# Contractors need not call!



## smellslike$tome (Jan 22, 2006)

Kind of ironic to say such a thing on ContractorTalk I know but I've had it with crybaby contractors.

A guy came out about a month ago to look at installing some glass block to replace a bathroom window in my house. He didn't show or call when he was supposed to in fact it was about a week later before we heard from him. I was about to try and tackle it myself (which I did not want to do) when he just shows up unannounced one morning. So he looks at it, prices it, I say ok, and we schedule it. He's 3 days late with the install. He finally gets it in, it looks ok, I pay him without complaint.

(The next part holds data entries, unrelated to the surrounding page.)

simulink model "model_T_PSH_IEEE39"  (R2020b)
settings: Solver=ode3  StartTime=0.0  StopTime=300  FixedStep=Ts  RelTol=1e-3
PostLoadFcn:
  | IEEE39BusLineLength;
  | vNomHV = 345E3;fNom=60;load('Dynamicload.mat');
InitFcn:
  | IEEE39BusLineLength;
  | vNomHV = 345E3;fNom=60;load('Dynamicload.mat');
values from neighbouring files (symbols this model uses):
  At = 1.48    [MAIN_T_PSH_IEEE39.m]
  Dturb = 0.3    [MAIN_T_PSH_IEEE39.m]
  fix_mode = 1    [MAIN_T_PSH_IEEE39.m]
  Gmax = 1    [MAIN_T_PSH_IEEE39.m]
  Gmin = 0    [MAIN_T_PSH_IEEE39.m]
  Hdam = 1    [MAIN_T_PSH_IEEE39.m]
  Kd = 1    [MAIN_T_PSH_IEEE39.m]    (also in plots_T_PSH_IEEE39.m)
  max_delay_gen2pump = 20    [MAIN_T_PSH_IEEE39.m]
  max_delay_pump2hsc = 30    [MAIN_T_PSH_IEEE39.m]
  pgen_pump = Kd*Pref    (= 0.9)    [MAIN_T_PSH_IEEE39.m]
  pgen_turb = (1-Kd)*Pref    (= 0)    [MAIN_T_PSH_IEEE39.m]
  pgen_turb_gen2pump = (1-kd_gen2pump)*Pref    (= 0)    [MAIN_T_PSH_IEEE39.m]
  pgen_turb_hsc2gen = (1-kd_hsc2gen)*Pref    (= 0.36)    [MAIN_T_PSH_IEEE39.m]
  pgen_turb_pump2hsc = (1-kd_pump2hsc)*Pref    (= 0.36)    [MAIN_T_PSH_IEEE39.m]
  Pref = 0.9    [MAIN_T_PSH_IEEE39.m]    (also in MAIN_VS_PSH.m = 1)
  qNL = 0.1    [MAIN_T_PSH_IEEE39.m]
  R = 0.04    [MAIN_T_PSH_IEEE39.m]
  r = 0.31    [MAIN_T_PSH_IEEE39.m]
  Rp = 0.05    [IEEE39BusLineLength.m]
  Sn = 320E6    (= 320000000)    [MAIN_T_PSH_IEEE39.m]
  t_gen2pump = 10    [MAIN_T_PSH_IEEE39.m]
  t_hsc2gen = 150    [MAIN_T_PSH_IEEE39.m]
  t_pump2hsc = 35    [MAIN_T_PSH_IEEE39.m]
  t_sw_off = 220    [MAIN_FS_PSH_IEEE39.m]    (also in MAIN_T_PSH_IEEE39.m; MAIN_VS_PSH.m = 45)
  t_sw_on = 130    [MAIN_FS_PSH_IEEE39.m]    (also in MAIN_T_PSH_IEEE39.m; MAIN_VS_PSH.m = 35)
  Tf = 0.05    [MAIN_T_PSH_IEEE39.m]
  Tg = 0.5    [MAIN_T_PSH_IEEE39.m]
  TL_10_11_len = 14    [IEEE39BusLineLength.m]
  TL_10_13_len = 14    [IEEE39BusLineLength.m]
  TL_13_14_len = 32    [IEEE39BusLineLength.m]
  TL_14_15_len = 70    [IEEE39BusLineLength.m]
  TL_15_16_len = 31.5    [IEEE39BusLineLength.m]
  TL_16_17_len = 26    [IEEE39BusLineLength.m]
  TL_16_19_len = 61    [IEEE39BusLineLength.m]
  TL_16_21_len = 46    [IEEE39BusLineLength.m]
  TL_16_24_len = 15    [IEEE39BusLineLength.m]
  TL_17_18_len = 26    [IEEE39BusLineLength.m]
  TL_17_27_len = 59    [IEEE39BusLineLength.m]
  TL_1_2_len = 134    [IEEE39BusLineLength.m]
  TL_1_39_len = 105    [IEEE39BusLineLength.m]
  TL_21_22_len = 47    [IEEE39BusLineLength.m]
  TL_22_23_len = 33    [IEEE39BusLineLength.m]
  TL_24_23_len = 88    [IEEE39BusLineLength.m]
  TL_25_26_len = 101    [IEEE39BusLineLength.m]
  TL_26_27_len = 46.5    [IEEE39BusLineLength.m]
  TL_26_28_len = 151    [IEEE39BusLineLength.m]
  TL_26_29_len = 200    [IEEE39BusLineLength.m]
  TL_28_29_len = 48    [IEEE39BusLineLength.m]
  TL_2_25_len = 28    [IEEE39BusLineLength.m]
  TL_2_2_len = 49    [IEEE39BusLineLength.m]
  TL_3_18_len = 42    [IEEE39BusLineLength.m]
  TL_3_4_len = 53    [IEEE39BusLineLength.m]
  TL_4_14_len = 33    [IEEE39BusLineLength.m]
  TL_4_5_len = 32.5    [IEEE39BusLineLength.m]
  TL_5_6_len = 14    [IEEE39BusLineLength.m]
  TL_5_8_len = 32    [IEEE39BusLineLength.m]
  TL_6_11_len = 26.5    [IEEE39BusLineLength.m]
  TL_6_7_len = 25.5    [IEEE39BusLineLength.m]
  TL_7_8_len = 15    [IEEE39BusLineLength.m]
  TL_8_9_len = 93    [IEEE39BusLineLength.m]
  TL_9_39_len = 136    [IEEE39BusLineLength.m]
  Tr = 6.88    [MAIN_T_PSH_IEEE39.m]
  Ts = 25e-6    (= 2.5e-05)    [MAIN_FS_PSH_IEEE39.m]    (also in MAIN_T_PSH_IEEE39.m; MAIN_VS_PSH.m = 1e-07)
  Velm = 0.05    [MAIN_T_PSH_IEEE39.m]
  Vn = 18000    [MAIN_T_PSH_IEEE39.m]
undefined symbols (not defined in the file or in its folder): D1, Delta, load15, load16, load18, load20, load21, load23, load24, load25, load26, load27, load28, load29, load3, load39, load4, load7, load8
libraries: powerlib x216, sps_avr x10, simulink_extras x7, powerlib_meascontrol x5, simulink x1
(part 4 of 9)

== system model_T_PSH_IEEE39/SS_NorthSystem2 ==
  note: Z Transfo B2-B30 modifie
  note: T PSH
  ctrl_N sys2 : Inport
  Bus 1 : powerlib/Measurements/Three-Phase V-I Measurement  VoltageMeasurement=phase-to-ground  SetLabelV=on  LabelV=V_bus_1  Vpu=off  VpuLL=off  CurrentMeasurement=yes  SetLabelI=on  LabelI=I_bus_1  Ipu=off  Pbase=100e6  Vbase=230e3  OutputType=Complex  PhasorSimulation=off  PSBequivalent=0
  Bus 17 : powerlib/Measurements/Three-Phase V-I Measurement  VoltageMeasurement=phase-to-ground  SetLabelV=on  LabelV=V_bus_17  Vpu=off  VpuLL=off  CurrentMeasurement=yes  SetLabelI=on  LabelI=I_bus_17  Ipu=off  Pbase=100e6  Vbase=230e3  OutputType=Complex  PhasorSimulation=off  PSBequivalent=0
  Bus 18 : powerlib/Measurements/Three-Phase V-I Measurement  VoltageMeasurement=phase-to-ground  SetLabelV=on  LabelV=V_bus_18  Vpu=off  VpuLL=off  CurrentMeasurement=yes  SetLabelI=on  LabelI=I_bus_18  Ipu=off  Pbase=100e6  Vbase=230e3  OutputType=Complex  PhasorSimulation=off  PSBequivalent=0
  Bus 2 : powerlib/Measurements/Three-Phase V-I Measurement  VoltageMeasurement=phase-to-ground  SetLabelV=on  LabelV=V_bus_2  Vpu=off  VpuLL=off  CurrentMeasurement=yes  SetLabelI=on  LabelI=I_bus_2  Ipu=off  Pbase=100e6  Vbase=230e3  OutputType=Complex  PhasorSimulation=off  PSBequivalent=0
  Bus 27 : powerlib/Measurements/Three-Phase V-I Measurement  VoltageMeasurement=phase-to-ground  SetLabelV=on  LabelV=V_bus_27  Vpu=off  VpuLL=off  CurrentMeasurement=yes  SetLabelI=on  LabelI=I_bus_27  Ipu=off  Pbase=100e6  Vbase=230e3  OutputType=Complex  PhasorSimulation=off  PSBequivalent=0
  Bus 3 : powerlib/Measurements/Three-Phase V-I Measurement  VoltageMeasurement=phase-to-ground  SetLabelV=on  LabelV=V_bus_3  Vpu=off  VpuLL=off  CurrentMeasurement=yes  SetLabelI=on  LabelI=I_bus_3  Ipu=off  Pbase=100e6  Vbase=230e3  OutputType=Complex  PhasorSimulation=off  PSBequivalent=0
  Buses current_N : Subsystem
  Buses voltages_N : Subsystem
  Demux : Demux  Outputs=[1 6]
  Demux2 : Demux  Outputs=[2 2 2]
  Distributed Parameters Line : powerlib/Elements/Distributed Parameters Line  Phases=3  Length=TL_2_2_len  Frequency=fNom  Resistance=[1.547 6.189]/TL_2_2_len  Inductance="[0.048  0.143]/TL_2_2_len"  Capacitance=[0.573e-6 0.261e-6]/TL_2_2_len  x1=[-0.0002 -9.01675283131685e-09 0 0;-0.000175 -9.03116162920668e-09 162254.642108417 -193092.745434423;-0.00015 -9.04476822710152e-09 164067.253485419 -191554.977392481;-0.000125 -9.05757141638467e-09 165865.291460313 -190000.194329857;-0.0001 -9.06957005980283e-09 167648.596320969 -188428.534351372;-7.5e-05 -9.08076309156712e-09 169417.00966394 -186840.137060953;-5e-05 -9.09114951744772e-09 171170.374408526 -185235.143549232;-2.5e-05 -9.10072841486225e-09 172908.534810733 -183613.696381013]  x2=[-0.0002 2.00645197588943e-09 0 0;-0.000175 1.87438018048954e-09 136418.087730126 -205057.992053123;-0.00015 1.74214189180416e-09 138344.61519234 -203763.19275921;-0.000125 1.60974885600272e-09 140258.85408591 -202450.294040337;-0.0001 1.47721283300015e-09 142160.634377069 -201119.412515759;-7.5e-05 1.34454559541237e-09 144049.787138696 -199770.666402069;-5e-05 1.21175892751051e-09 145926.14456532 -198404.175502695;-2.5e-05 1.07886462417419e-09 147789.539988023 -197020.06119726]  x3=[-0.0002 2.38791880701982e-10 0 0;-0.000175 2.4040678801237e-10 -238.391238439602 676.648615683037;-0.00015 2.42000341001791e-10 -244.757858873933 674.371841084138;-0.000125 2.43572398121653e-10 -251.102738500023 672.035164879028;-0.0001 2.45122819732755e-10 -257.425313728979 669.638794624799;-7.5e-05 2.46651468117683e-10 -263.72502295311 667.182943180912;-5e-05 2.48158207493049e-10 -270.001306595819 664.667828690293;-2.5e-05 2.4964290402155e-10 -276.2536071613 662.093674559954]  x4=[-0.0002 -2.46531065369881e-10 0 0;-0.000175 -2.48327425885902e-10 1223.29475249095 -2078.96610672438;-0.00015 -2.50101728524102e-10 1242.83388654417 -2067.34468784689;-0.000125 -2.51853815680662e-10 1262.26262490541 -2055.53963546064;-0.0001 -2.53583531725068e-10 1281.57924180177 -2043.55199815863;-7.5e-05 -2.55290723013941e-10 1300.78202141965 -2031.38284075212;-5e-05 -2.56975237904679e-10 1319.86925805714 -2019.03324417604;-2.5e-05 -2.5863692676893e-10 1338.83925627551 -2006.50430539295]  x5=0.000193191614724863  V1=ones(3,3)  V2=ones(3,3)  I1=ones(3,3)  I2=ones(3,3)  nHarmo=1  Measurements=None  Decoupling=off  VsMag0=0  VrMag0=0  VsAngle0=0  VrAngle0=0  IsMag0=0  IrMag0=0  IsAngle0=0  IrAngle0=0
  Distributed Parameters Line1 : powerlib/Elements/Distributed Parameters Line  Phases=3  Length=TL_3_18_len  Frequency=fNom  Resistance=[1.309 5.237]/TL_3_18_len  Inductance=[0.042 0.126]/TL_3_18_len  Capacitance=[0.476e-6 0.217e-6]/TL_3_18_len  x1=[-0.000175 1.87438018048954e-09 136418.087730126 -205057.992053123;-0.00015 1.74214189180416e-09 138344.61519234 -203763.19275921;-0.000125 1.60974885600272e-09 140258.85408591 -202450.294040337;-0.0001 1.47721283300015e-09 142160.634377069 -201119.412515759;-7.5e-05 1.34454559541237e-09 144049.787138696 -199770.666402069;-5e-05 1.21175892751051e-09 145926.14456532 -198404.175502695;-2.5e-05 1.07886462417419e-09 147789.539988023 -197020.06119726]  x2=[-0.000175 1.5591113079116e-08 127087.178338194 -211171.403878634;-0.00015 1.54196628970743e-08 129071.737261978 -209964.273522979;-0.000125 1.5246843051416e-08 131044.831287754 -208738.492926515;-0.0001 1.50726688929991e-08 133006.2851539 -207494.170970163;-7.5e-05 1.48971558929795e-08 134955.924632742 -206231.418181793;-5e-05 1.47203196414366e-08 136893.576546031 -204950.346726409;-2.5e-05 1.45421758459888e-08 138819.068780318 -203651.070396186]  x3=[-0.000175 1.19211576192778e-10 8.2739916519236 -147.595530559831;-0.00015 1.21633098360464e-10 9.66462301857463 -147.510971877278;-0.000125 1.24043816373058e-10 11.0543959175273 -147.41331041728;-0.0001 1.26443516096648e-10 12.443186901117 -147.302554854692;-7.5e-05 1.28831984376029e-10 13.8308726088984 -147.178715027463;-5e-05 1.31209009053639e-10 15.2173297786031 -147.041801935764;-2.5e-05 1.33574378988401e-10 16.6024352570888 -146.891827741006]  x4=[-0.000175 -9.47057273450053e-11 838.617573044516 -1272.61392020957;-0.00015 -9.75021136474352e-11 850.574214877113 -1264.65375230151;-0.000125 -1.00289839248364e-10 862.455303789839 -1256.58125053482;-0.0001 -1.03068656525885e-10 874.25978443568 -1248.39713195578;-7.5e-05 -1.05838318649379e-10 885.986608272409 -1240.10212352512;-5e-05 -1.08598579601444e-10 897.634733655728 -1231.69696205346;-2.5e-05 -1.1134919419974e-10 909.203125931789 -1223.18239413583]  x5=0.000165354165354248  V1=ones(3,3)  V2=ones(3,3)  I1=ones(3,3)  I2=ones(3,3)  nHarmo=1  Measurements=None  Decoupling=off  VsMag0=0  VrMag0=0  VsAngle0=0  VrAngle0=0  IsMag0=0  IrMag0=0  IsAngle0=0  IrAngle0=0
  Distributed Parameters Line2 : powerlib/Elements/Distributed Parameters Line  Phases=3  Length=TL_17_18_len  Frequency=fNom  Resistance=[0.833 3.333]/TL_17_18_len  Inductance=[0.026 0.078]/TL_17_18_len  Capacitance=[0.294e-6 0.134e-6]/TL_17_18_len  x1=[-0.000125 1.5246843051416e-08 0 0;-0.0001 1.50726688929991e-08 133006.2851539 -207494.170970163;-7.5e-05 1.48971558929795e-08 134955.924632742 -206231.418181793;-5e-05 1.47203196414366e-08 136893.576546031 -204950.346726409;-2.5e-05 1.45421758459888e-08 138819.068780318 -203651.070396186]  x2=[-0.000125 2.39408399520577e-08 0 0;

The day before yesterday we get a call from his partner who is going to install granite counter tops for ho w/ss undermount ks and he wants us to come out after 4:00 pm the same day to install the faucet and trim out the sink. Ok, we schedule it, call him to let him know we are on the way, show up on time. When we called him to let him know we were on the way we reminded him that when we got there we would look at it, price it, and call him back to give him the price before we did anything. So I call him about 30 minutes later and get his voice mail. I ask him to call me back, 10 minutes later I decide to just go ahead and do it. He never calls me back. So I take it pretty easy on him since the sink is already mounted and the ho is providing the faucet. It broke down like this $59 service charge got me out there and looked at it. $199 to install the faucet (single hole spout spray), $369 to trim out the sink including upgraded finish for basket strainer and disposer flange (he suggested using the old ones from the old sink earlier, that should have been a huge red flag), re-install existing disposer, new waste, new trap, and $99 to replace hot side dual stop. Total was $726. So I call him this morning to find out how I get him the invoice and to make arrangements to get the check. He asks how much, I tell him, and he totally freaks out on the telephone! You would have thought I was John Dillinger himself! He procedes to tell me how outrageous that is blah, blah, blah. I ask him what he expected and he says "it's just hooking up a ks for cryin' out loud. We've been paying $250. To which I respond "well that explains why you can't get you're regular plumber to show up!" $250! Can you believe that! I don't think he even has a regular plumber. I think he's been using Joe or Jose' Handyman who he can't get to go back and fix everything when the ho complains.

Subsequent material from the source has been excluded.